Das neue Mobilfunkangebot von Sat.1 lässt die Wahl zwischen zwei volumenbasierten Monatsflatrates, einem Stundentarif sowie einem 12 Stunden-Tarif. Außerdem stehen zwei Tarife für die Nutzung im Ausland zur Verfügung. Interessant ist vor allem das Surf-Paket Light für 9,99 Euro, um das Internet einen ganzen Monat lang nutzen zu können. Allerdings stehen nur 500 MB Traffic zur Verfügung, was je nach Art der Nutzung vollkommen ausreichend oder viel zu wenig sein kann. Wie weit man mit 500 MB kommt, erklärt Sat.1 auf einer eigenen Webseite.

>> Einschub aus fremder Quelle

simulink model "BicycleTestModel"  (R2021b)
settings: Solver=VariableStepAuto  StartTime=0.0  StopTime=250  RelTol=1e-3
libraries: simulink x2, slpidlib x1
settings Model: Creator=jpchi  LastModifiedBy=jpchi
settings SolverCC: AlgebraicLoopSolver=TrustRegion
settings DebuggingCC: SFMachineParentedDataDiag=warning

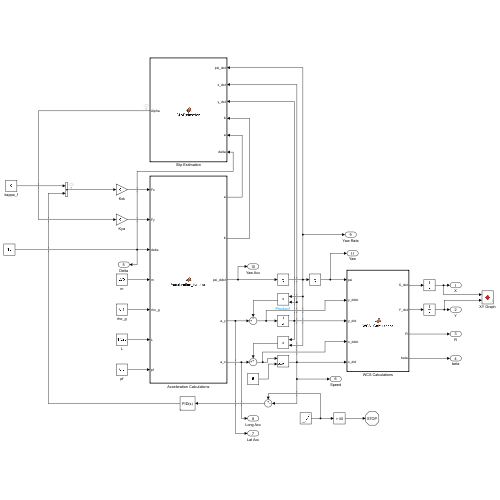
[thumbnail: Simulink's stored preview of the top-level diagram]
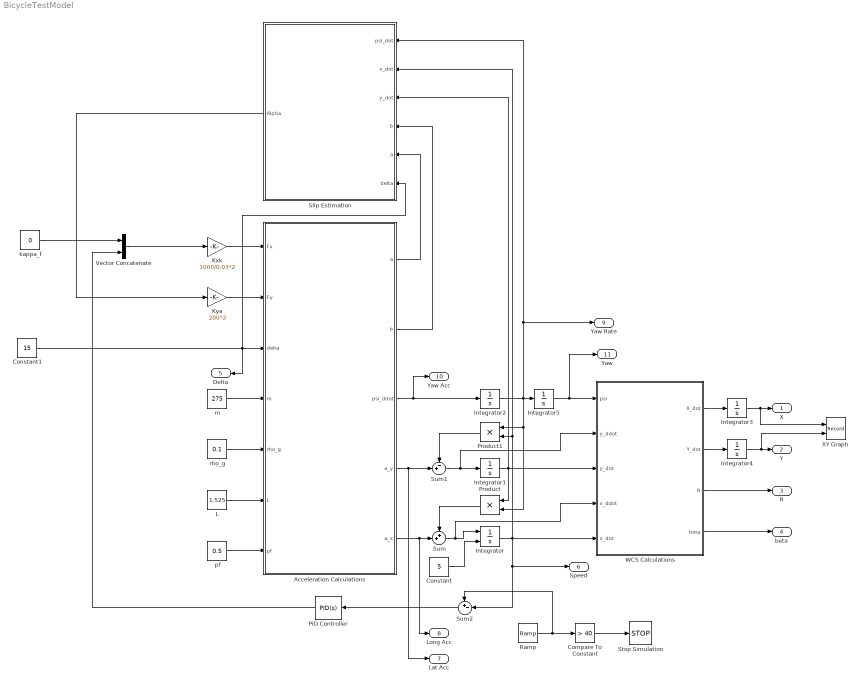
== system BicycleTestModel ==
  Acceleration Calculations : MATLAB Function  TreatAsAtomicUnit=on
  Compare To Constant : simulink/Logic and Bit Operations/Compare To Constant  relop=>  const=40  OutDataTypeStr=boolean
  Constant : Constant  Value=5
  Constant1 : Constant  Value=15
  Integrator : Integrator  InitialConditionSource=external  InitialCondition=15
  Integrator{1..5} (5 alike) : Integrator
  Kxk : Gain  Gain=1000/0.03*2
  Kya : Gain  Gain=200*2
  L : Constant  Value=1.525
  PID Controller : slpidlib/PID Controller  Controller=PID  Form=Parallel  TimeDomain=Continuous-time  UseExternalTs=off  SampleTime=-1  IntegratorMethod=Forward Euler  FilterMethod=Forward Euler  ControllerParametersSource=internal  P=0.0412468421192802  I=0.00360891443153185  D=3.60919075314681e-05  UseFilter=on  N=1142.8279760416  TunerSelectOption=Transfer Function Based (PID Tuner App)  InitialConditionSource=internal  InitialConditionForIntegrator=0  InitialConditionForFilter=0  DifferentiatorICPrevScaledInput=0  ExternalReset=none  TrackingMode=off  Kt=1  LimitOutput=off  SatLimitsSource=internal  UpperSaturationLimit=inf  LowerSaturationLimit=-inf  LinearizeAsGain=on  AntiWindupMode=none  Kb=1  POutMin=[]  POutMax=[]  IOutMin=[]  IOutMax=[]  DOutMin=[]  DOutMax=[]  NOutMin=[]  NOutMax=[]  SumOutMin=[]  SumOutMax=[]  SaturationOutMin=[]  SaturationOutMax=[]  PParamMin=[]  PParamMax=[]  IParamMin=[]  IParamMax=[]  DParamMin=[]  DParamMax=[]  NParamMin=[]  NParamMax=[]  KbParamMin=[]  KbParamMax=[]  KtParamMin=[]  KtParamMax=[]  KbOutMin=[]  KbOutMax=[]  KtOutMin=[]  KtOutMax=[]  IntegratorOutMin=[]  IntegratorOutMax=[]  FilterOutMin=[]  FilterOutMax=[]  SumI1OutMin=[]  SumI1OutMax=[]  SumI2OutMin=[]  SumI2OutMax=[]  SumI3OutMin=[]  SumI3OutMax=[]  SumI4OutMin=[]  SumI4OutMax=[]  SumDOutMin=[]  SumDOutMax=[]  DifferentiatorOutMin=[]  DifferentiatorOutMax=[]  FilterDiffOutCoefMin=[]  FilterDiffOutCoefMax=[]  ReciprocalOutMin=[]  ReciprocalOutMax=[]  SumDenOutMin=[]  SumDenOutMax=[]  SumNumOutMin=[]  SumNumOutMax=[]  DivideOutMin=[]  DivideOutMax=[]  UdiffTsProdOutMin=[]  UdiffTsProdOutMax=[]  NTsProdOutMin=[]  NTsProdOutMax=[]  UintegralTsProdOutMin=[]  UintegralTsProdOutMax=[]  UngainTsProdOutMin=[]  UngainTsProdOutMax=[]  IntegratorContinuousStateAttributes=''  IntegratorStateMustResolveToSignalObject=off  IntegratorRTWStateStorageClass=Auto  FilterContinuousStateAttributes=''  FilterStateMustResolveToSignalObject=off  FilterRTWStateStorageClass=Auto  ParallelPVariant=InternalParameters  IdealPVariant=Disabled  IVariant=InternalParameters  DVariant=InternalParameters  IntegratorVariant=Continuous  SatVariant=Disabled  AWVariant=Passthrough  PCopyVariant=Disabled  TRVariant=Disabled  FdbkBlocksVariant=Forward  IdealPFdbkVariant=Disabled  SatFdbkVariant=Disabled  DerivativeFilterVariant=ContFilter  NVariant=InternalParameters  NCopyVariant=Disabled  FilterICVariant=InternalICsFilter  IntegratorICVariant=InternalICs  ExternalResetVariant=Disabled  TRSumVariant=Passthrough  SumFdbkVariant=Disabled  SumVariant=Sum_PID  TsampFilterVariant=InternalTs  TsampNgainVariant=Passthrough  TsampIntegralVariant=Passthrough  ExternalSaturationOutDataTypeStr=Inherit: Same as second input
  Product : Product
  Product1 : Product
  Ramp : simulink/Sources/Ramp  slope=0.05  start=0  InitialOutput=5
  Slip Estimation : MATLAB Function  TreatAsAtomicUnit=on
  Stop Simulation : Stop
  Sum : Sum  Inputs=++|
  Sum1 : Sum  Inputs=-+|
  Sum2 : Sum  Inputs=+-|
  Vector Concatenate : Concatenate
  WCS Calculations : MATLAB Function  TreatAsAtomicUnit=on
  XY Graph : Record  FileSettingsInternal="{\"entries\":[{\"content\":{\"excelSettings\":{\"content\":{},\"type\":\"Streamout.ExcelSettings\"}},\"type\":\"Streamout.FileSettingStorage\",\"uuid\":\"7ebcfab8-f0b6-44cf-b331-51be0f9892d2\"}],\"packageUris\":[\"http://schema.mathworks.com/mf0/streamout_blocks/R2020a\"],\"version\":\"1.0\"}"  Layout=[1 1]  SignalsInternal="{\"entries\":[{\"content\":{\"signals\":[{\"content\":{\"blockPath\":[\"BicycleTestModel/XY Graph\"],\"channel\":[],\"dimensions\":[1],\"domain\":\"BicycleTestModel/XY Graph\",\"lineColor\":\"#a2142f\",\"plots\":[1],\"port\":1,\"sid\":[\"\"],\"signalID\":78,\"signalName\":\"Integrator3\"},\"type\":\"RecordBlkView.Signal\",\"uuid\":\"63fa4d83-aa3b-45f8-8409-7f1995dd79e0\"},{\"content\":{\"blockPath\":[\"BicycleTestModel/XY Graph\"],\"channel\":[],\"dimensions\":[1],\"domain\":\"BicycleTestModel/XY Graph\",\"lineColor\":\"#139fff\",\"plots\":[1],\"port\":2,\"sid\":[\"\"],\"signalID\":82,\"signalName\":\"Integrator4\"},\"type\":\"RecordBlkView.Signal\",\"uuid\":\"d2e667c4-aec6-4e2b-94b9-9e656a73197c\"}]},\"type\":\"RecordBlkView.InputSignals\",\"uuid\":\"f7a6955a-d84c-488f-aee4-1c970144e732\"}],\"packageUris\":[\"http://schema.mathworks.com/mf0/streamout_blocks/R2020a\"],\"version\":\"1.0\"}"  VisualizationBindings="{\"xyplotplugin\":{\"info\":[{\"series\":[{\"bindingParametersList\":[{\"parameter\":\"X-Axis\",\"signalID\":78,\"signalName\":\"Integrator3\"},{\"parameter\":\"Y-Axis\",\"signalID\":82,\"signalName\":\"Integrator4\"}],\"seriesID\":51605}],\"subplotID\":1}]}}"  CompatibilityTag=XY  st=-1
  kappa_f : Constant  Value=0
  m : Constant  Value=275
  pf : Constant  Value=0.5
  rho_g : Constant  Value=0.1
  X : Outport
  Y : Outport  Port=2
  R : Outport  Port=3
  beta : Outport  Port=4
  Delta : Outport  Port=5
  Speed : Outport  Port=6
  Lat Acc : Outport  Port=7
  Long Acc : Outport  Port=8
  Yaw Rate : Outport  Port=9
  Yaw Acc : Outport  Port=10
  Yaw : Outport  Port=11
  wires:
  m/1 -> Acceleration Calculations/4(m)
  rho_g/1 -> Acceleration Calculations/5(rho_g)
  Kxk/1 -> Acceleration Calculations/1(Fx)
  Slip Estimation/1(Alpha) -> Kya/1
  Kya/1 -> Acceleration Calculations/2(Fy)
  Constant1/1 -> Delta/1, Slip Estimation/6(delta), Acceleration Calculations/3(delta)
  Sum/1 -> WCS Calculations/4(x_ddot), Integrator/1
  Sum1/1 -> WCS Calculations/2(y_ddot), Integrator1/1
  Acceleration Calculations/3(psi_ddot) -> Yaw Acc/1, Integrator2/1
  Integrator1/1 -> WCS Calculations/3(y_dot), Slip Estimation/3(y_dot), Product/1
  Integrator2/1 -> Yaw Rate/1, Slip Estimation/1(psi_dot), Product/2, Product1/1, Integrator5/1
  Integrator/1 -> WCS Calculations/5(x_dot), Slip Estimation/2(x_dot), Product1/2, Speed/1, Sum2/2
  L/1 -> Acceleration Calculations/6(L)
  pf/1 -> Acceleration Calculations/7(pf)
  Constant/1 -> Integrator/2
  Acceleration Calculations/5(a_x) -> Long Acc/1, Sum/2
  Product/1 -> Sum/1
  Acceleration Calculations/4(a_y) -> Lat Acc/1, Sum1/2
  Product1/1 -> Sum1/1
  Acceleration Calculations/1(a) -> Slip Estimation/5(a)
  Acceleration Calculations/2(b) -> Slip Estimation/4(b)
  Sum2/1 -> PID Controller/1
  Integrator5/1 -> Yaw/1, WCS Calculations/1(psi)
  WCS Calculations/1(X_dot) -> Integrator3/1
  WCS Calculations/2(Y_dot) -> Integrator4/1
  Integrator3/1 -> XY Graph/1, X/1
  Integrator4/1 -> XY Graph/2, Y/1
  WCS Calculations/3(R) -> R/1
  WCS Calculations/4(beta) -> beta/1
  Vector Concatenate/1 -> Kxk/1
  kappa_f/1 -> Vector Concatenate/1
  PID Controller/1 -> Vector Concatenate/2
  Ramp/1 -> Sum2/1, Compare To Constant/1
  Compare To Constant/1 -> Stop Simulation/1

== matlab function BicycleTestModel/Slip Estimation ==
  data: psi_dot input; x_dot input; Alpha output; y_dot input; b input; a input; delta input
function Alpha = SlipEstimation(psi_dot, x_dot, y_dot, b, a, delta)

Alpha = zeros(1,2);

Alpha(1) = delta - atan2d( y_dot + a*psi_dot, x_dot );
Alpha(2) = -atan2d( y_dot - b.*psi_dot, x_dot );

== matlab function BicycleTestModel/Acceleration Calculations ==
  data: a output; b output; psi_ddot output; a_y output; Fx input size=[1 2]; a_x output; Fy input size=[1 2]; delta input; m input; rho_g input; L input; pf input
function [a, b, psi_ddot, a_y, a_x] = ...
    Acceleration_function(Fx,Fy,delta,m,rho_g,L,pf)
%%% Took out data parameer
%% Parameter
a = L* (1-pf);
b = L*pf;

Izz = m*(rho_g)^2;

%% Longitudinal 
a_x = ( Fx(1)*cosd(delta) - Fy(1)*sind(delta) + Fx(2) ) / m;

%% Lateral
a_y = ( Fy(1)*cosd(delta) + Fx(1)*sind(delta) + Fy(2) ) / m;

%% Yaw
psi_ddot = ( a*( Fy(1)*cosd(delta) + Fx(1)*sind(delta) ) - b*Fy(2) ) / Izz;

end

== matlab function BicycleTestModel/WCS Calculations ==
  data: psi input; y_ddot input; y_dot input; x_ddot input; x_dot input; X_dot output; Y_dot output; R output; beta output
function [X_dot, Y_dot, R, beta] = ...
    WCS_Calculations( psi, y_ddot, y_dot, x_ddot, x_dot )
%% Global Velocity
X_dot = x_dot .* cosd( psi ) - y_dot .* sind( psi );
Y_dot = x_dot .* sind( psi ) + y_dot .* cosd( psi );  
                 
%% Curvature
if abs(x_dot.^2 + y_dot.^2) <= 0.01
    R = 0;
else
    R = ( y_dot.^2 + y_dot.^2 ).^(3/2) ./ ...
        abs( x_ddot.*y_dot - x_dot.*y_ddot );
end

%% Body Slip
beta = atan2d( y_dot, x_dot );

Positiv: „Für absolute Transparenz sorgt dabei eine Balkenanzeige, die das verbrauchte Volumen jederzeit übersichtlich dokumentiert. Das Besondere: Keine Grundgebühr, keine Vertragsbindung, kein Mindestumsatz, kein Abo – der Nutzer hat die volle Kostenkontrolle“, hebt SevenOne Intermedia im Pressetext hervor.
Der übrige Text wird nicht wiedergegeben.